Poetry, vinyl and novels are hot and machines can almost do anything that humans can. It is the year 2040, where artificial intelligence (AI) and augmented reality (AR) are part of our everyday existence. Enhanced connectivity has made workers more mobile and economies have become more flexible and dynamic.

The typical workday, work night and work hour have changed beyond recognition. Happy Fridays and Blue Mondays belong to the past, as work can be done at anytime, anywhere, according to your preferred lifestyle.

But how do we want to work in future? What services are required to meet the future needs of employees? To be prepared for the future, we must first imagine it.


‘Wake up Lisa, it’s 7am.’ Thirty minutes later: ‘Lisa you have to get up now, you have exactly one hour to get ready. Due to the rainy weather forecast I have ordered a car for you 30 minutes early; it will arrive at 8.30am.’ Lisa turns around and looks outside. Big raindrops are splashing against the window. She activates the glass and looks at her schedule for the day. She has her first meeting at 10am.

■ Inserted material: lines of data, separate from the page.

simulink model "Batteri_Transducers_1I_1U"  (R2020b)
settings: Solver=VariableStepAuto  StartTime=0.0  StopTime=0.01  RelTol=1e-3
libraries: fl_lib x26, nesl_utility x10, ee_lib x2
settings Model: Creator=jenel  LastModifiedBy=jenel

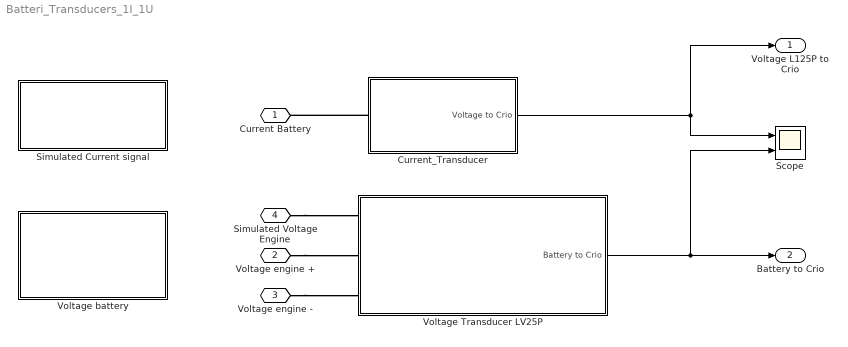
== system Batteri_Transducers_1I_1U ==
  Current_Transducer : Subsystem
  Scope : Scope  NumInputPorts=2
  Simulated Current signal : Subsystem
  Voltage Transducer LV25P : Subsystem
  Voltage battery : Subsystem
  Current Battery : PMIOPort  Side=Left
  Voltage engine + : PMIOPort  Port=2  Side=Left
  Voltage engine - : PMIOPort  Port=3  Side=Left
  Simulated Voltage Engine : PMIOPort  Port=4  Side=Right
  "Voltage L125P to Crio " : Outport
  Battery to Crio : Outport  Port=2
  wires:
  Voltage Transducer LV25P/1(Battery to Crio) -> Scope/2, Battery to Crio/1
  Current_Transducer/1(Voltage to Crio) -> Scope/1, "Voltage L125P to Crio "/1
  connections:
  Simulated Voltage Engine/RConn1 -- Voltage Transducer LV25P/LConn1
  Voltage engine +/RConn1 -- Voltage Transducer LV25P/LConn2
  Voltage engine -/RConn1 -- Voltage Transducer LV25P/LConn3
  Current_Transducer/LConn1 -- Current Battery/RConn1

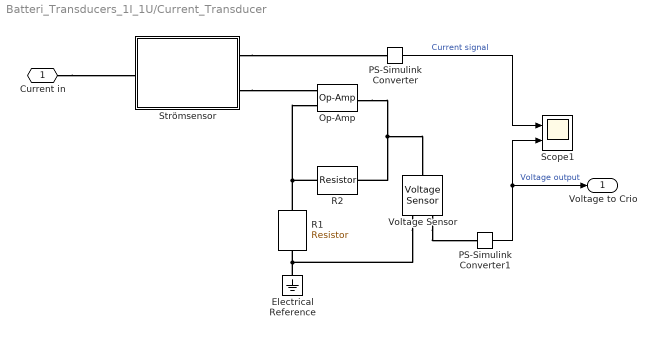
== system Batteri_Transducers_1I_1U/Current_Transducer ==
  Electrical Reference : fl_lib/Electrical/Electrical Elements/Electrical Reference
  Op-Amp : fl_lib/Electrical/Electrical Elements/Op-Amp  outI_specify=on  outI_priority=None  outI=0 A  outI_nominal_specify=off  outI_nominal_unit=A  outI_nominal_value=1
  PS-Simulink Converter : nesl_utility/PS-Simulink Converter  PhysicalDomain=network_engine_domain  SubClassName=ps_output  LeftPortType=input  RightPortType=output  PseudoPeriodic=off  Frequencies=[]  Unit=inherit  AffineConversion=off
  PS-Simulink Converter1 : nesl_utility/PS-Simulink Converter  PhysicalDomain=network_engine_domain  SubClassName=ps_output  LeftPortType=input  RightPortType=output  PseudoPeriodic=off  Frequencies=[]  Unit=inherit  AffineConversion=off
  R1 : fl_lib/Electrical/Electrical Elements/Resistor  R=1000 Ohm  i_specify=off  i_priority=None  i=0 A  i_nominal_specify=off  i_nominal_unit=A  i_nominal_value=1  v_specify=off  v_priority=None  v=0 V  v_nominal_specify=off  v_nominal_unit=V  v_nominal_value=1
  R2 : fl_lib/Electrical/Electrical Elements/Resistor  R=666.6667 Ohm  i_specify=off  i_priority=None  i=0 A  i_nominal_specify=off  i_nominal_unit=A  i_nominal_value=1  v_specify=off  v_priority=None  v=0 V  v_nominal_specify=off  v_nominal_unit=V  v_nominal_value=1
  Scope1 : Scope  NumInputPorts=2
  Strömsensor : Subsystem
  Voltage Sensor : fl_lib/Electrical/Electrical Sensors/Voltage Sensor
  Current in : PMIOPort  Side=Left
  Voltage to Crio : Outport
  wires:
  PS-Simulink Converter1/1 -> Scope1/2, Voltage to Crio/1  "Voltage output"
  PS-Simulink Converter/1 -> Scope1/1  "Current signal"
  connections:
  Strömsensor/RConn2 -- Op-Amp/LConn1
  R2/LConn1 -- R1/LConn1 -- Op-Amp/LConn2
  Current in/RConn1 -- Strömsensor/LConn1
  Strömsensor/RConn1 -- PS-Simulink Converter/LConn1
  Op-Amp/RConn1 -- Voltage Sensor/LConn1 -- R2/RConn1
  Electrical Reference/LConn1 -- R1/RConn1 -- Voltage Sensor/RConn2
  Voltage Sensor/RConn1 -- PS-Simulink Converter1/LConn1

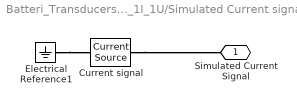
== system Batteri_Transducers_1I_1U/Simulated Current signal ==
  Current signal : ee_lib/Sources/Current Source  dc_current=200 mA  ac_current=0 mA  ac_shift=0 rad  ac_frequency=0 Hz  noise_mode=0  PSD=0 A^2/Hz  repeatability=1  auto_seed=153380492  user_seed=0  sample_time=1e-3 s  i_specify=off  i_priority=None  i=0 A  i_nominal_specify=off  i_nominal_unit=A  i_nominal_value=1  v_specify=off  v_priority=None  v=0 V  v_nominal_specify=off  v_nominal_unit=V  v_nominal_value=1
      settings: SourceProductBaseCode=PS
  Electrical Reference1 : fl_lib/Electrical/Electrical Elements/Electrical Reference
  Simulated Current Signal : PMIOPort  Side=Right
  connections:
  Electrical Reference1/LConn1 -- Current signal/RConn1
  Current signal/LConn1 -- Simulated Current Signal/RConn1

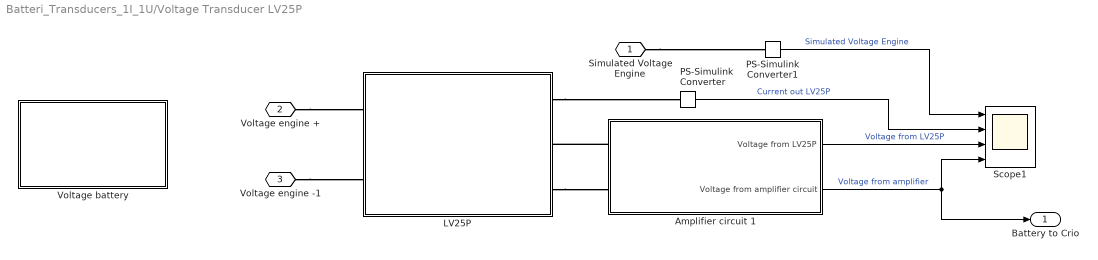
== system Batteri_Transducers_1I_1U/Voltage Transducer LV25P ==
  Amplifier circuit 1 : Subsystem
  LV25P : Subsystem
  PS-Simulink Converter : nesl_utility/PS-Simulink Converter  PhysicalDomain=network_engine_domain  SubClassName=ps_output  LeftPortType=input  RightPortType=output  PseudoPeriodic=off  Frequencies=[]  Unit=inherit  AffineConversion=off
  PS-Simulink Converter1 : nesl_utility/PS-Simulink Converter  PhysicalDomain=network_engine_domain  SubClassName=ps_output  LeftPortType=input  RightPortType=output  PseudoPeriodic=off  Frequencies=[]  Unit=inherit  AffineConversion=off
  Scope1 : Scope  NumInputPorts=4
  Voltage battery : Subsystem
  Simulated Voltage Engine : PMIOPort  Side=Left
  Voltage engine + : PMIOPort  Port=2  Side=Left
  Voltage engine -1 : PMIOPort  Port=3  Side=Left
  Battery to Crio : Outport
  wires:
  Amplifier circuit 1/1(Voltage from LV25P) -> Scope1/3  "Voltage from LV25P"
  PS-Simulink Converter1/1 -> Scope1/1  "Simulated Voltage Engine"
  Amplifier circuit 1/2(Voltage from amplifier circuit) -> Scope1/4, Battery to Crio/1  "Voltage from amplifier"
  PS-Simulink Converter/1 -> Scope1/2  "Current out LV25P"
  connections:
  Voltage engine +/RConn1 -- LV25P/LConn1
  Simulated Voltage Engine/RConn1 -- PS-Simulink Converter1/LConn1
  Amplifier circuit 1/LConn1 -- LV25P/RConn2
  LV25P/RConn1 -- PS-Simulink Converter/LConn1
  LV25P/RConn3 -- Amplifier circuit 1/LConn2
  Voltage engine -1/RConn1 -- LV25P/LConn2

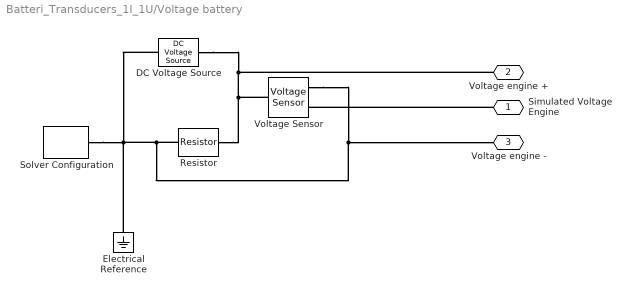
== system Batteri_Transducers_1I_1U/Voltage battery ==
  DC Voltage Source : ee_lib/Additional Components/SPICE Sources/DC Voltage Source  DC=144 V
  Electrical Reference : fl_lib/Electrical/Electrical Elements/Electrical Reference
  Resistor : fl_lib/Electrical/Electrical Elements/Resistor  R=10 Ohm  i_specify=off  i_priority=None  i=0 A  i_nominal_specify=off  i_nominal_unit=A  i_nominal_value=1  v_specify=off  v_priority=None  v=0 V  v_nominal_specify=off  v_nominal_unit=V  v_nominal_value=1
  Solver Configuration : nesl_utility/Solver Configuration  PhysicalDomain=network_engine_domain  SubClassName=solver  LeftPortType=input  RightPortType=generic  Tones=[]  Harmonics=[]  SimulateNoise=off  Profile=off  UseLocalSampling=off  EnableSwitchedLinearOptims=on  FrequencyDomain=off  UseCCode=off  RelTol=0.001  AbsTol=1e-06  MinStep=1e-09  ToWorkspace=off  RevertToSquareIcSolve=off  NumHomotopyIterations=100  PhasorMode=off  PhasorModeNumHarmonics=1  DoDC=off  ResidualTolerance=1e-09  UseLocalSolver=off  LocalSolverChoice=NE_BACKWARD_EULER_ADVANCER  LocalSolverSampleTime=0.001  DoFixedCost=off  MaxNonlinIter=3  MaxModeIter=2  ComputeImpulses=off  ImpulseIterations=2  LinearAlgebra=auto  EquationFormulation=NE_TIME_EF  DelaysMemoryBudget=1024  AutomaticFiltering=on  FilteringTimeConstant=0.001  PartitionStorageMethod=AS_NEEDED  PartitionMemoryBudget=1024  PartitionMethod=ROBUST
  Voltage Sensor : fl_lib/Electrical/Electrical Sensors/Voltage Sensor
  Simulated Voltage Engine : PMIOPort  Side=Right
  Voltage engine + : PMIOPort  Port=2  Side=Right
  Voltage engine - : PMIOPort  Port=3  Side=Right
  connections:
  Simulated Voltage Engine/RConn1 -- Voltage Sensor/RConn1
  Voltage Sensor/LConn1 -- DC Voltage Source/LConn1 -- Voltage engine +/RConn1 -- Resistor/RConn1
  Resistor/LConn1 -- Voltage Sensor/RConn2 -- Voltage engine -/RConn1 -- DC Voltage Source/RConn1 -- Electrical Reference/LConn1 -- Solver Configuration/RConn1

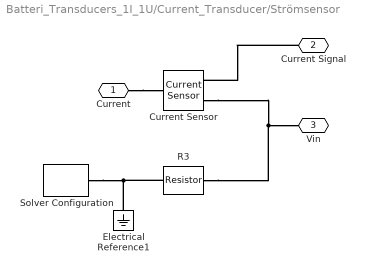
== system Batteri_Transducers_1I_1U/Current_Transducer/Strömsensor ==
  Current Sensor : fl_lib/Electrical/Electrical Sensors/Current Sensor
  Electrical Reference1 : fl_lib/Electrical/Electrical Elements/Electrical Reference
  R3 : fl_lib/Electrical/Electrical Elements/Resistor  R=30 Ohm  i_specify=off  i_priority=None  i=0 A  i_nominal_specify=off  i_nominal_unit=A  i_nominal_value=1  v_specify=off  v_priority=None  v=0 V  v_nominal_specify=off  v_nominal_unit=V  v_nominal_value=1
  Solver Configuration : nesl_utility/Solver Configuration  PhysicalDomain=network_engine_domain  SubClassName=solver  LeftPortType=input  RightPortType=generic  Tones=[]  Harmonics=[]  SimulateNoise=off  Profile=off  UseLocalSampling=off  EnableSwitchedLinearOptims=on  FrequencyDomain=off  UseCCode=off  RelTol=0.001  AbsTol=1e-06  MinStep=1e-09  ToWorkspace=off  RevertToSquareIcSolve=off  NumHomotopyIterations=100  PhasorMode=off  PhasorModeNumHarmonics=1  DoDC=off  ResidualTolerance=1e-09  UseLocalSolver=off  LocalSolverChoice=NE_BACKWARD_EULER_ADVANCER  LocalSolverSampleTime=0.001  DoFixedCost=off  MaxNonlinIter=3  MaxModeIter=2  ComputeImpulses=off  ImpulseIterations=2  LinearAlgebra=auto  EquationFormulation=NE_TIME_EF  DelaysMemoryBudget=1024  AutomaticFiltering=on  FilteringTimeConstant=0.001  PartitionStorageMethod=AS_NEEDED  PartitionMemoryBudget=1024  PartitionMethod=ROBUST
  Current : PMIOPort  Side=Left
  Current Signal : PMIOPort  Port=2  Side=Right
  Vin : PMIOPort  Port=3  Side=Right
  connections:
  Current/RConn1 -- Current Sensor/LConn1
  Current Signal/RConn1 -- Current Sensor/RConn1
  Current Sensor/RConn2 -- Vin/RConn1 -- R3/LConn1
  Electrical Reference1/LConn1 -- Solver Configuration/RConn1 -- R3/RConn1

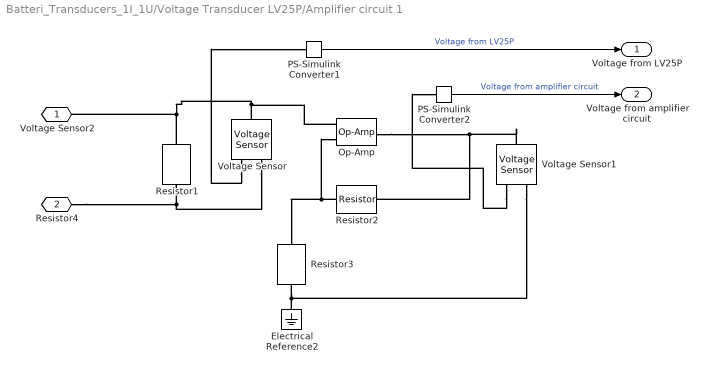
== system Batteri_Transducers_1I_1U/Voltage Transducer LV25P/Amplifier circuit 1 ==
  Electrical Reference2 : fl_lib/Electrical/Electrical Elements/Electrical Reference
  Op-Amp : fl_lib/Electrical/Electrical Elements/Op-Amp  outI_specify=off  outI_priority=None  outI=0 A  outI_nominal_specify=off  outI_nominal_unit=A  outI_nominal_value=1
  PS-Simulink Converter1 : nesl_utility/PS-Simulink Converter  PhysicalDomain=network_engine_domain  SubClassName=ps_output  LeftPortType=input  RightPortType=output  PseudoPeriodic=off  Frequencies=[]  Unit=inherit  AffineConversion=off
  PS-Simulink Converter2 : nesl_utility/PS-Simulink Converter  PhysicalDomain=network_engine_domain  SubClassName=ps_output  LeftPortType=input  RightPortType=output  PseudoPeriodic=off  Frequencies=[]  Unit=inherit  AffineConversion=off
  Resistor1 : fl_lib/Electrical/Electrical Elements/Resistor  R=100 Ohm  i_specify=off  i_priority=None  i=0 A  i_nominal_specify=off  i_nominal_unit=A  i_nominal_value=1  v_specify=off  v_priority=None  v=0 V  v_nominal_specify=off  v_nominal_unit=V  v_nominal_value=1
  Resistor2 : fl_lib/Electrical/Electrical Elements/Resistor  R=30 kOhm  i_specify=off  i_priority=None  i=0 A  i_nominal_specify=off  i_nominal_unit=A  i_nominal_value=1  v_specify=off  v_priority=None  v=0 V  v_nominal_specify=off  v_nominal_unit=V  v_nominal_value=1
  Resistor3 : fl_lib/Electrical/Electrical Elements/Resistor  R=10 kOhm  i_specify=off  i_priority=None  i=0 A  i_nominal_specify=off  i_nominal_unit=A  i_nominal_value=1  v_specify=off  v_priority=None  v=0 V  v_nominal_specify=off  v_nominal_unit=V  v_nominal_value=1
  Voltage Sensor : fl_lib/Electrical/Electrical Sensors/Voltage Sensor
  Voltage Sensor1 : fl_lib/Electrical/Electrical Sensors/Voltage Sensor
  Voltage Sensor2 : PMIOPort  Side=Left
  Resistor4 : PMIOPort  Port=2  Side=Left
  Voltage from LV25P : Outport
  Voltage from amplifier circuit : Outport  Port=2
  wires:
  PS-Simulink Converter2/1 -> Voltage from amplifier circuit/1  "Voltage from amplifier circuit"
  PS-Simulink Converter1/1 -> Voltage from LV25P/1  "Voltage from LV25P"
  connections:
  Resistor1/LConn1 -- Op-Amp/LConn1 -- Voltage Sensor/LConn1 -- Voltage Sensor2/RConn1
  Op-Amp/RConn1 -- Voltage Sensor1/LConn1 -- Resistor2/RConn1
  Voltage Sensor/RConn2 -- Resistor4/RConn1 -- Resistor1/RConn1
  Voltage Sensor1/RConn1 -- PS-Simulink Converter2/LConn1
  Electrical Reference2/LConn1 -- Voltage Sensor1/RConn2 -- Resistor3/RConn1
  Resistor2/LConn1 -- Op-Amp/LConn2 -- Resistor3/LConn1
  Voltage Sensor/RConn1 -- PS-Simulink Converter1/LConn1

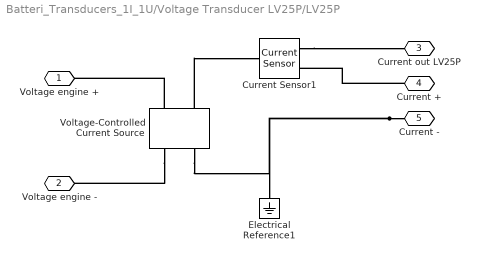
== system Batteri_Transducers_1I_1U/Voltage Transducer LV25P/LV25P ==
  Current Sensor1 : fl_lib/Electrical/Electrical Sensors/Current Sensor
  Electrical Reference1 : fl_lib/Electrical/Electrical Elements/Electrical Reference
  Voltage-Controlled Current Source : fl_lib/Electrical/Electrical Sources/Voltage-Controlled Current Source  K=0.000125 1/Ohm  v1_specify=off  v1_priority=None  v1=0 V  v1_nominal_specify=off  v1_nominal_unit=V  v1_nominal_value=1  i2_specify=off  i2_priority=None  i2=0 A  i2_nominal_specify=off  i2_nominal_unit=A  i2_nominal_value=1
      settings: SourceProductBaseCode=SS  InternalSimscapePortConfiguration="{\"Bottom\":[],\"Left\":[{\"id\":\"p1\",\"label\":\"+\",\"type\":\"foundation.electrical.electrical\"},{\"id\":\"head\",\"label\":\"\",\"type\":\"foundation.electrical.electrical\"}],\"Right\":[{\"id\":\"n1\",\"label\":\"-\",\"type\":\"foundation.electrical.electrical\"},{\"id\":\"tail\",\"label\":\"\",\"type\":\"foundation.electrical.electrical\"}],\"Top\":[]}"
  Voltage engine + : PMIOPort  Side=Left
  Voltage engine - : PMIOPort  Port=2  Side=Left
  Current out LV25P : PMIOPort  Port=3  Side=Right
  Current + : PMIOPort  Port=4  Side=Right
  Current - : PMIOPort  Port=5  Side=Right
  connections:
  Current -/RConn1 -- Voltage-Controlled Current Source/RConn2 -- Electrical Reference1/LConn1
  Voltage-Controlled Current Source/LConn2 -- Current Sensor1/LConn1
  Current +/RConn1 -- Current Sensor1/RConn2
  Voltage-Controlled Current Source/RConn1 -- Voltage engine -/RConn1
  Current Sensor1/RConn1 -- Current out LV25P/RConn1
  Voltage-Controlled Current Source/LConn1 -- Voltage engine +/RConn1

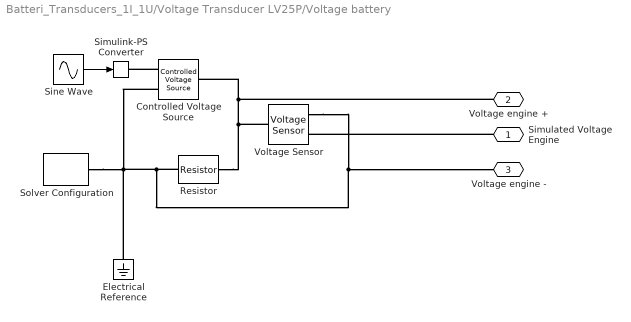
== system Batteri_Transducers_1I_1U/Voltage Transducer LV25P/Voltage battery ==
  Controlled Voltage Source : fl_lib/Electrical/Electrical Sources/Controlled Voltage Source
  Electrical Reference : fl_lib/Electrical/Electrical Elements/Electrical Reference
  Resistor : fl_lib/Electrical/Electrical Elements/Resistor  R=10 Ohm  i_specify=off  i_priority=None  i=0 A  i_nominal_specify=off  i_nominal_unit=A  i_nominal_value=1  v_specify=off  v_priority=None  v=0 V  v_nominal_specify=off  v_nominal_unit=V  v_nominal_value=1
  Simulink-PS Converter : nesl_utility/Simulink-PS Converter  PhysicalDomain=network_engine_domain  SubClassName=ps_input  LeftPortType=input  RightPortType=output  PseudoPeriodic=off  Frequencies=[]  NoiseDistribution=none  NoiseParameters=[]  Unit=1  AffineConversion=off  FilteringAndDerivatives=provide  SimscapeFilterOrder=1  InputFilterTimeConstant=0.001  UdotUserProvided=0
  Sine Wave : Sin  Amplitude=200  Frequency=200  SampleTime=0
  Solver Configuration : nesl_utility/Solver Configuration  PhysicalDomain=network_engine_domain  SubClassName=solver  LeftPortType=input  RightPortType=generic  Tones=[]  Harmonics=[]  SimulateNoise=off  Profile=off  UseLocalSampling=off  EnableSwitchedLinearOptims=on  FrequencyDomain=off  UseCCode=off  RelTol=0.001  AbsTol=1e-06  MinStep=1e-09  ToWorkspace=off  RevertToSquareIcSolve=off  NumHomotopyIterations=100  PhasorMode=off  PhasorModeNumHarmonics=1  DoDC=off  ResidualTolerance=1e-09  UseLocalSolver=off  LocalSolverChoice=NE_BACKWARD_EULER_ADVANCER  LocalSolverSampleTime=0.001  DoFixedCost=off  MaxNonlinIter=3  MaxModeIter=2  ComputeImpulses=off  ImpulseIterations=2  LinearAlgebra=auto  EquationFormulation=NE_TIME_EF  DelaysMemoryBudget=1024  AutomaticFiltering=on  FilteringTimeConstant=0.001  PartitionStorageMethod=AS_NEEDED  PartitionMemoryBudget=1024  PartitionMethod=ROBUST
  Voltage Sensor : fl_lib/Electrical/Electrical Sensors/Voltage Sensor
  Simulated Voltage Engine : PMIOPort  Side=Right
  Voltage engine + : PMIOPort  Port=2  Side=Right
  Voltage engine - : PMIOPort  Port=3  Side=Right
  wires:
  Sine Wave/1 -> Simulink-PS Converter/1
  connections:
  Controlled Voltage Source/RConn1 -- Simulink-PS Converter/RConn1
  Simulated Voltage Engine/RConn1 -- Voltage Sensor/RConn1
  Voltage Sensor/LConn1 -- Controlled Voltage Source/LConn1 -- Voltage engine +/RConn1 -- Resistor/RConn1
  Resistor/LConn1 -- Voltage Sensor/RConn2 -- Voltage engine -/RConn1 -- Electrical Reference/LConn1 -- Solver Configuration/RConn1 -- Controlled Voltage Source/RConn2

‘You need to get dressed in 10 minutes to pick up the fruit and the breakfast box I have ordered for you today.’ It’s SAL again. Lisa can’t live without her. No, SAL is not her partner, it’s Lisa’s smart home.

Devices in smart homes, cars, buildings and cities now interact with each other to make life easier and quicker, making people’s time even more flexible.


During Lisa’s ride to the city, she eats her breakfast and catches up on some work. Through her glasses, equipped with AR, the driverless car is turned into Lisa’s office. The data she needs for the project she’s working on is projected in the space around her.

Autonomous vehicles have had a transformational impact on business and society – humans are banned from driving in cities and there is no need for parking spaces at offices and in city centres. The car drops Lisa off in front of her office and continues to the next commute-request.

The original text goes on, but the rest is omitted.